По возвращении в Эрланген после полного выздоровления Занд впервые прочел «Фауста»; поначалу это произведение поразило его, и он счел было его проявлением извращенности гения, однако, дочитав до конца и вернувшись к первому впечатлению, он записывает:

«4 мая.

О, жестокая борьба человека и дьявола! Только сейчас я ощущаю, что Мефистофель живет и во мне, и ощущаю это с ужасом, Господи!

К одиннадцати вечера я закончил чтение этой трагедии и увидел, почувствовал дьявола в себе, так что когда пробило полночь, я, плача, исполнясь отчаяния, сам себя испугался».

Постепенно Занд впадает в сильную меланхолию, вырвать из которой его может лишь желание усовершенствовать и сделать нравственней окружающих его студентов. Для всякого, кто знает университетскую жизнь, подобный труд покажется сверхчеловеческим. Однако Занд не падает духом и, если не может распространить свое влияние на всех, ему, по крайней мере, удается сформировать вокруг себя большой кружок, состоящий из самых умных и самых лучших; однако среди этих апостольских трудов его охватывает непонятное желание умереть; кажется, что ему вспоминается небо и он испытывает потребность вернуться туда; он сам называет это стремление «ностальгией души».

Любимыми его авторами являются Лессинг, Шиллер, Гердер и Гете; в двадцатый раз перечитав двух последних, он записывает:

«Добро и зло соприкасаются: страдания юного Вертера и совращение Вайслингёна – это почти та же самая история; но неважно, мы не должны судить, что в других есть добро и что зло, ибо это сделает Господь. Я только что долго обдумывал эту мысль и остаюсь в убеждении, что ни при каких обстоятельствах нельзя позволить себе искать дьявола в ближнем и что у нас нет права кого-либо осуждать; единственное существо, по отношению к которому мы получили власть судить и выносить приговор, – это мы сами; нам и с самими собой вполне хватает забот, трудов и огорчений.

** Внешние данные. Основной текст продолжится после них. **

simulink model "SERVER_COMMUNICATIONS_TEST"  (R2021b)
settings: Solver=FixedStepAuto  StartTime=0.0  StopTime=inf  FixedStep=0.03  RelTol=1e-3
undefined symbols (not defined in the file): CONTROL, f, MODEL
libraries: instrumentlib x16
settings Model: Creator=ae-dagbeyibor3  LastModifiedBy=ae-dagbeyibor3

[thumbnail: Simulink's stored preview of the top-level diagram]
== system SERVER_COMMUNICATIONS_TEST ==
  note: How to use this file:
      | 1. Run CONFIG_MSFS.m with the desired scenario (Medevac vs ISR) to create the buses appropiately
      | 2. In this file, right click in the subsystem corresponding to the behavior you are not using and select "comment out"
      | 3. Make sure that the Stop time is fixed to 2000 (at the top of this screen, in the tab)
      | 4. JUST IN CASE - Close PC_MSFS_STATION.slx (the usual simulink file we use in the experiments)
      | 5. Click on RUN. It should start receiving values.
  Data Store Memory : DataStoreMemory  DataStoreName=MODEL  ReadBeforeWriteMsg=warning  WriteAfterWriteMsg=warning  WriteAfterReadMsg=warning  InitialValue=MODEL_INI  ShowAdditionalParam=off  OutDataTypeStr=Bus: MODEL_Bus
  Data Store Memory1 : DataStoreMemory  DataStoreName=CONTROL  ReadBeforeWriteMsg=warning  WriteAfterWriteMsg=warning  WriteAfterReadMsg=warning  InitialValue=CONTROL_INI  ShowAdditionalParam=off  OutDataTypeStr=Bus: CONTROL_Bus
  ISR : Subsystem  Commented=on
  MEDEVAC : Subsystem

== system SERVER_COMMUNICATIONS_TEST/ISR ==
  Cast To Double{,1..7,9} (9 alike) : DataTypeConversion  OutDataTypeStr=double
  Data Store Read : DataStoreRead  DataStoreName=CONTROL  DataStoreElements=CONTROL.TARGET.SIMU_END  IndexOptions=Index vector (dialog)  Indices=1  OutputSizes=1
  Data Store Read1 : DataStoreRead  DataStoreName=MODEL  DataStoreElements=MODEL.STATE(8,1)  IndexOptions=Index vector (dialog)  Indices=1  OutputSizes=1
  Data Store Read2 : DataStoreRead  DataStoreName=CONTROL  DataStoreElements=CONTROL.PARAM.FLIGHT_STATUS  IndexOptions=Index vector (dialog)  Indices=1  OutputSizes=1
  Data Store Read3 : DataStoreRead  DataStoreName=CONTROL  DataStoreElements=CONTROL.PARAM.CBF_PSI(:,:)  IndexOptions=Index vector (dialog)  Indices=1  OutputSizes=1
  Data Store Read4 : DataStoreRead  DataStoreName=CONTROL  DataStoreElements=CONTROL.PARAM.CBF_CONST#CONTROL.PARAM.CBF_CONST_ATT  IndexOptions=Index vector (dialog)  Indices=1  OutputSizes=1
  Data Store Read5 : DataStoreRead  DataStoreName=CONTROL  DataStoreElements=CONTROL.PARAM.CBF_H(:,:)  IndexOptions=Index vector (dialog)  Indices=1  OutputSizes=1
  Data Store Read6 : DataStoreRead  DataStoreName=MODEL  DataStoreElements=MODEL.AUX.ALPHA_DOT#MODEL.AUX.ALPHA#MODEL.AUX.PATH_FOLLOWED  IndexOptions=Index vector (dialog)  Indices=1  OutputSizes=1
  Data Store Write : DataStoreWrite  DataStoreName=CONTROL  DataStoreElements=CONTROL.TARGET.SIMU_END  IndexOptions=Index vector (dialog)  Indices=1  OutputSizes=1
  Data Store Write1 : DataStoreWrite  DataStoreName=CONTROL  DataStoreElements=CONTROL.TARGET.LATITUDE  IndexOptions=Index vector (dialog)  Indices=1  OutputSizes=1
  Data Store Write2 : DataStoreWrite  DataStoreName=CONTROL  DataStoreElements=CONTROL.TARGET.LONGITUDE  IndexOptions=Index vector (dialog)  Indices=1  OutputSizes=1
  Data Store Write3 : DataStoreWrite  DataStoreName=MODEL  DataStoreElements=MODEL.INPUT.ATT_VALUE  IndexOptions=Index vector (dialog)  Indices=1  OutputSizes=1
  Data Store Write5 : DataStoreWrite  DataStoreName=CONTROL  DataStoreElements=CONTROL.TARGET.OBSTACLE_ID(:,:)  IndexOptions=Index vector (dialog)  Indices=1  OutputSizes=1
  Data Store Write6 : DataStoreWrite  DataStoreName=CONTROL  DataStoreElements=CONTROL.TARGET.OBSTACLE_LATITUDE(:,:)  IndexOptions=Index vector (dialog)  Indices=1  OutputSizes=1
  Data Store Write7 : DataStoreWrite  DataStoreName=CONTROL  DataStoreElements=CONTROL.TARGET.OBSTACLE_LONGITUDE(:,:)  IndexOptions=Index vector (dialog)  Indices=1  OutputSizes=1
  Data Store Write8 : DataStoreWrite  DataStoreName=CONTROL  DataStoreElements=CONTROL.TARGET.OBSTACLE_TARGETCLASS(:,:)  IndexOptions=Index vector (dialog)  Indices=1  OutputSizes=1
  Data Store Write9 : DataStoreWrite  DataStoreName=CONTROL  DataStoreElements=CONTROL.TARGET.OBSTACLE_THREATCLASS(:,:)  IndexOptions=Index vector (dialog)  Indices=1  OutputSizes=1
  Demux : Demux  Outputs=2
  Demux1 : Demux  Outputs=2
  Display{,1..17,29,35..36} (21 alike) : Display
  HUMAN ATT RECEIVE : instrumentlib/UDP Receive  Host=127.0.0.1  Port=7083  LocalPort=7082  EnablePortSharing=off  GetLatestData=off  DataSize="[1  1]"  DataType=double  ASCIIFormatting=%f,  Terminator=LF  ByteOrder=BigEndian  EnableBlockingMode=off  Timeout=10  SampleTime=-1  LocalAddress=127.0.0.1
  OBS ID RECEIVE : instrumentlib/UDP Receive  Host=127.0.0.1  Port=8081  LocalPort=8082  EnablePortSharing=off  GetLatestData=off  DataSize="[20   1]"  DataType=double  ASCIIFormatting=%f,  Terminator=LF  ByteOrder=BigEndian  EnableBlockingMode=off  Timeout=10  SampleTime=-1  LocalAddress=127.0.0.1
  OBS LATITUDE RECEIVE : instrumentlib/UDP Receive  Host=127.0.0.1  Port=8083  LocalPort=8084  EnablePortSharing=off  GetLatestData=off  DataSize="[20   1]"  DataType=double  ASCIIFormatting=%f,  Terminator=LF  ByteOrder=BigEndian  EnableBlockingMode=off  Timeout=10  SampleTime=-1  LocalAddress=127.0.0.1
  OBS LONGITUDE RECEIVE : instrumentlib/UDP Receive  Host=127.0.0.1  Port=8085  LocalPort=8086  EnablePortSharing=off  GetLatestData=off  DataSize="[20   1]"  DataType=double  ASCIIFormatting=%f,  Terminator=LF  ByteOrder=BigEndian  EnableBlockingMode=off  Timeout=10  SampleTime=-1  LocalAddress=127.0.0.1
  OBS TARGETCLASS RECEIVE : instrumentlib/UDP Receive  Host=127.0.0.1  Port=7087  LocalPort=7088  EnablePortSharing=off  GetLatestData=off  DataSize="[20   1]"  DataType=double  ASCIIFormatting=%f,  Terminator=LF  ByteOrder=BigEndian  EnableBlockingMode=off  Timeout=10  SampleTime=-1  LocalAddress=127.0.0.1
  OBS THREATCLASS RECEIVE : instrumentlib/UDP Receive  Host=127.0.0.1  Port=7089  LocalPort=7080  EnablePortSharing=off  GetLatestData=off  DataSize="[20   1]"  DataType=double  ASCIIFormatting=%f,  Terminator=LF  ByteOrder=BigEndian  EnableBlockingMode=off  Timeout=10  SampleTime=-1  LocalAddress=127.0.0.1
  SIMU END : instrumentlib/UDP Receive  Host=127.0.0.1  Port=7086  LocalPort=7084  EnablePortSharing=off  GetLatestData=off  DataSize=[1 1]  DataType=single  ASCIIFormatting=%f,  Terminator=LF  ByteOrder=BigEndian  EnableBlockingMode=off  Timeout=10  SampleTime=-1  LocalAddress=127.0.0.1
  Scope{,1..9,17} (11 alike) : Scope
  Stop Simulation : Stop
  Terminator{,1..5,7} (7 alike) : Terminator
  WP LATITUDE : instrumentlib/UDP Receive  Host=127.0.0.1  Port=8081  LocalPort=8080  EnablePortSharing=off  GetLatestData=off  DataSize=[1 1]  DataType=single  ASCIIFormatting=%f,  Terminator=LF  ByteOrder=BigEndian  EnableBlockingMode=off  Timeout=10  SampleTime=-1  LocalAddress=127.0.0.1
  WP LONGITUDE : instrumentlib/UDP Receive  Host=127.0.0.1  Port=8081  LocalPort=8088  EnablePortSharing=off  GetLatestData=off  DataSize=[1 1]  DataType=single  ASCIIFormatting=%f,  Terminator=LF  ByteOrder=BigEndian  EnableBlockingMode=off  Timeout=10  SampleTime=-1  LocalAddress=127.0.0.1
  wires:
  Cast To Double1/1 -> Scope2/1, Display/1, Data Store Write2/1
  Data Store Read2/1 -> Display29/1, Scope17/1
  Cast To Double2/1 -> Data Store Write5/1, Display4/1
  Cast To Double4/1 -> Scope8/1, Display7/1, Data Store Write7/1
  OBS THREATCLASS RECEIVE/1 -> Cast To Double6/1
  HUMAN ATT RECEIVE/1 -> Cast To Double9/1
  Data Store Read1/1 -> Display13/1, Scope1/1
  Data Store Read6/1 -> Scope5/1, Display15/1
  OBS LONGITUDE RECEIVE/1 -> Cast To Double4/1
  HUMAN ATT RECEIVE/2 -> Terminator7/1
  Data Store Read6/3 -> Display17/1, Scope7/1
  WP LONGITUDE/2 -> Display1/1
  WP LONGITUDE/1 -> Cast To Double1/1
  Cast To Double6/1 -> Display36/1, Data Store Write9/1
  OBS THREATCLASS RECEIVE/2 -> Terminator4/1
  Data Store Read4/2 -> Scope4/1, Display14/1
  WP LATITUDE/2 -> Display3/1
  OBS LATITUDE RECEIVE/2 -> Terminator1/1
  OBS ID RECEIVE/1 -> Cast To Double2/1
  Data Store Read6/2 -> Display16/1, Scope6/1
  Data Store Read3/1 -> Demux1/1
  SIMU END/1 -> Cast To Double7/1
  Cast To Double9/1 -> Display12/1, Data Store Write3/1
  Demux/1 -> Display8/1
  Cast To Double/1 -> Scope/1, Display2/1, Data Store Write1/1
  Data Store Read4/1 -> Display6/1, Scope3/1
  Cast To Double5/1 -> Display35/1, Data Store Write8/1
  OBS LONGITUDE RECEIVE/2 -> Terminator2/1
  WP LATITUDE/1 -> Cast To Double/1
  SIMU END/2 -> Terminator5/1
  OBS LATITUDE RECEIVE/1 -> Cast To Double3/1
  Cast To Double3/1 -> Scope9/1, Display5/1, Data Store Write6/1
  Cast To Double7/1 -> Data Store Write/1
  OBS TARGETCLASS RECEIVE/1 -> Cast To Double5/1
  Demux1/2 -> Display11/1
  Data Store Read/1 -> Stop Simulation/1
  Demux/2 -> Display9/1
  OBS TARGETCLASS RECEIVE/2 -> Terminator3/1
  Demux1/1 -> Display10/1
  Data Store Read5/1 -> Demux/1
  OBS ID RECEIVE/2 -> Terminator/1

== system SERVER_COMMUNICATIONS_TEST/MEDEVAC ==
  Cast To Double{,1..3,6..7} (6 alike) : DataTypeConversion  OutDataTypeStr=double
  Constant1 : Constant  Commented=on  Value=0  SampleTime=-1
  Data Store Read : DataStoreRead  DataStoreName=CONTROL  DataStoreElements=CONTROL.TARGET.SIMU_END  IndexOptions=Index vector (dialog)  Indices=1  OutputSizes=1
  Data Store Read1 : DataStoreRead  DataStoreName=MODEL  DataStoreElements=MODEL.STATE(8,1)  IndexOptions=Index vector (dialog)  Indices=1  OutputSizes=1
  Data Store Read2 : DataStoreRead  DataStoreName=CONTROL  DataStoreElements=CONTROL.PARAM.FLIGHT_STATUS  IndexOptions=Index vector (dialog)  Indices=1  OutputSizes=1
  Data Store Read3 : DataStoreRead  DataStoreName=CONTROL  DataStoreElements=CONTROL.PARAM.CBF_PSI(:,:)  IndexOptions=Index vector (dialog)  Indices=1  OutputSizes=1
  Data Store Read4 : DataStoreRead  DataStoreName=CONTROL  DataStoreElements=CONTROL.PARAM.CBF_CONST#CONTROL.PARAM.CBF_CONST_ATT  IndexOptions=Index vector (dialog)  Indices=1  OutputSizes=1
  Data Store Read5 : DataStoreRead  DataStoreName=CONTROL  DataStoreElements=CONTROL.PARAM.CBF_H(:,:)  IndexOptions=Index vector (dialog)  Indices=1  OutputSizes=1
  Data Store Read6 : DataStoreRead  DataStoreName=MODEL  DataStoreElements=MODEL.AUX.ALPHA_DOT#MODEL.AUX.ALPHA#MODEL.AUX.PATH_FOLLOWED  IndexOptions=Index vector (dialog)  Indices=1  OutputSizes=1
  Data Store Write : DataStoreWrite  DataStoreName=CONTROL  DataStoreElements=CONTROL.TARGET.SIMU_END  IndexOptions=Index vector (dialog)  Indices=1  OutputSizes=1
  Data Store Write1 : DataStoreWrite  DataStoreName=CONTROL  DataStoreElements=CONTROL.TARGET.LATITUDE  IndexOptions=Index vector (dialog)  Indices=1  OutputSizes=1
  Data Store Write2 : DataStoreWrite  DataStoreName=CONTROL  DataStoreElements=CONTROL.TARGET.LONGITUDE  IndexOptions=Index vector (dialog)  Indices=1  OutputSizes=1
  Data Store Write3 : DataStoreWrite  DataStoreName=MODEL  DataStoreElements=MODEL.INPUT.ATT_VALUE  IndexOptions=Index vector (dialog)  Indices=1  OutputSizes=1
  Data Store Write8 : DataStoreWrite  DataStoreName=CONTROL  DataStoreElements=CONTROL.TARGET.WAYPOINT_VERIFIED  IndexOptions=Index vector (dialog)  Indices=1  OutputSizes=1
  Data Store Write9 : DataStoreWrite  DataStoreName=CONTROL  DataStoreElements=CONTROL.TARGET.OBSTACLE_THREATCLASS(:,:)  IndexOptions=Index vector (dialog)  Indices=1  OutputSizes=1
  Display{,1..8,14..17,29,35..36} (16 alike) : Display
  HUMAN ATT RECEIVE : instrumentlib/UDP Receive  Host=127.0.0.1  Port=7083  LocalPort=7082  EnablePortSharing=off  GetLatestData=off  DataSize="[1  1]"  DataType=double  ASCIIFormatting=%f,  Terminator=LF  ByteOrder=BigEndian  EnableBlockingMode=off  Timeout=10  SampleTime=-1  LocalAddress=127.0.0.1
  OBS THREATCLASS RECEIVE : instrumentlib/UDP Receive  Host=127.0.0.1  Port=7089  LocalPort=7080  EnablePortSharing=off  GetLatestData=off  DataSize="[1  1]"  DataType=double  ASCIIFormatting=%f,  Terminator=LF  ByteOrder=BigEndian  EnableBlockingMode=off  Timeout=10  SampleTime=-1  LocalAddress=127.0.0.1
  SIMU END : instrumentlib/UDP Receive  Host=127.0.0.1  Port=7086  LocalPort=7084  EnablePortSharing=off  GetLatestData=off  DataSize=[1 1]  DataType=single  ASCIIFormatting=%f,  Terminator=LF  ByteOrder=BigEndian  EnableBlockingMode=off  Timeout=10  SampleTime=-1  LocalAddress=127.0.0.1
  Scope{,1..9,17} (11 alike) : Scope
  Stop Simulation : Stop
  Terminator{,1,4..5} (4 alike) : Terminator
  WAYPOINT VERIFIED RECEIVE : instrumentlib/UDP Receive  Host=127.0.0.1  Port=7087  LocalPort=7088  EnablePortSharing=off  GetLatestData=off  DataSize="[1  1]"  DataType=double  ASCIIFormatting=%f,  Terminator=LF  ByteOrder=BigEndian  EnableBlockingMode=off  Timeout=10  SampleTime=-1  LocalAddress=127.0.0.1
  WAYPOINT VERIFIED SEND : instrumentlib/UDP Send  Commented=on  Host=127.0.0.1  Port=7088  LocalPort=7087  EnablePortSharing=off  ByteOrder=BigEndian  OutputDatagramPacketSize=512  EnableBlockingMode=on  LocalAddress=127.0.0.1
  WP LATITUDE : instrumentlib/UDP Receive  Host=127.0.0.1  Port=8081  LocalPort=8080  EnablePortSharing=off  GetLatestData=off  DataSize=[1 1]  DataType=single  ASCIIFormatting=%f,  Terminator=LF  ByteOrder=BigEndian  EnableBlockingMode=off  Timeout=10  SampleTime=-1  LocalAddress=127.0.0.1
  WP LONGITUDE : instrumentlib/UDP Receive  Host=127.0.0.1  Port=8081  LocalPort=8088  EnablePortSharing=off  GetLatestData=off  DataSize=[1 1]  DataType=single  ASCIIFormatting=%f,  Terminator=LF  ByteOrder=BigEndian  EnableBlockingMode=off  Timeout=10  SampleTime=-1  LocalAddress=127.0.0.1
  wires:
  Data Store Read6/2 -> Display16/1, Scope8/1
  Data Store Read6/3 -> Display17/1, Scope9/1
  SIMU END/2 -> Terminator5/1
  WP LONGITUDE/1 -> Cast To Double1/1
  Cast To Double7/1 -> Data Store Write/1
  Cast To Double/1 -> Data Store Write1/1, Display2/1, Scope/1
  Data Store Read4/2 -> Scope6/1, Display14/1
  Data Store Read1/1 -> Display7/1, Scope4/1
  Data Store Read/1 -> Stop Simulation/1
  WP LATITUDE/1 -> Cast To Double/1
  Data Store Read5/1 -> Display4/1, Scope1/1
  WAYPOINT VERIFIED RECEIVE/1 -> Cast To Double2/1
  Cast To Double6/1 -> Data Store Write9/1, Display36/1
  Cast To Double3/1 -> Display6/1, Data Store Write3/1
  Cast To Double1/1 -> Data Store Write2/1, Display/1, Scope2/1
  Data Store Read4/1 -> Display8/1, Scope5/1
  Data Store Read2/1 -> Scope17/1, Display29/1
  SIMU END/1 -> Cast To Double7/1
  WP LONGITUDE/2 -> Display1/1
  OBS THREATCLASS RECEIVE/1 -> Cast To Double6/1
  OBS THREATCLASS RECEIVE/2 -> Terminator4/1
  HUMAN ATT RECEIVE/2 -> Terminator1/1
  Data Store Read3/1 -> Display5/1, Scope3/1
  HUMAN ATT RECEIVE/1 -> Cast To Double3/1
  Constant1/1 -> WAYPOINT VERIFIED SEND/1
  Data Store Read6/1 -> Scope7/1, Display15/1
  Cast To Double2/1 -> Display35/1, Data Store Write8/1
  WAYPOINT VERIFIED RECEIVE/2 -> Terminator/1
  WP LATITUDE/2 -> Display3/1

И еще я сегодня ощутил глубокое желание вырваться из этого мира и вступить в мир высший, но желание это скорей от подавленности, чем от силы, скорей усталость, чем порыв».

1816 год для Занда проходит в благочестивых попечениях о своих товарищах, в постоянном исследовании самого себя и в непрекращающейся борьбе, которую он ведет с навязчивым желанием смерти; с каждым днем у него все больше сомнений в себе, и вот первого января 1817 года он записывает в дневнике такую молитву:

«Господи, наделивший меня, посылая на эту землю, свободой воли, даруй мне свою милость, дабы и в наступающем году я ни на миг не ослаблял это постоянное наблюдение за собой и постыдно не прекратил исследовать свою совесть, как я это и делал до сих пор. Дай мне сил, чтобы возрастало то внимание, с каким я обращаюсь к своей жизни, и уменьшалось то, какое я обращаю на жизнь других людей; укрепи мою волю, дабы она стала достаточно сильной, чтобы управлять плотскими желаниями и заблуждениями ума; дай мне благочестивую совесть, всецело преданную твоему царствию небесному, дабы я всегда принадлежал тебе, а ежели вдруг оступлюсь, чтобы вновь смог вернуться к тебе».

Занд имел все основания просить Бога, чтобы тот укрепил его в наступающем 1817 году, так как небо Германии, озаренное Лейпцигом и Ватерлоо, вновь затягивали тучи: на смену безмерному и всеобъемлющему деспотизму Наполеона пришел гнет мелких князьков, составляющих германский сейм. Низвергнув великана, народ достиг единственно того, что попал под власть карликов.

Тогда-то и начали создаваться по всей Германии тайные общества. В нескольких словах мы расскажем о них, потому что история, которую мы пишем, есть история не только отдельных людей, но и народов, и всякий раз, когда у нас будет появляться возможность, мы станем представлять на нашем крохотном полотне широкую панораму.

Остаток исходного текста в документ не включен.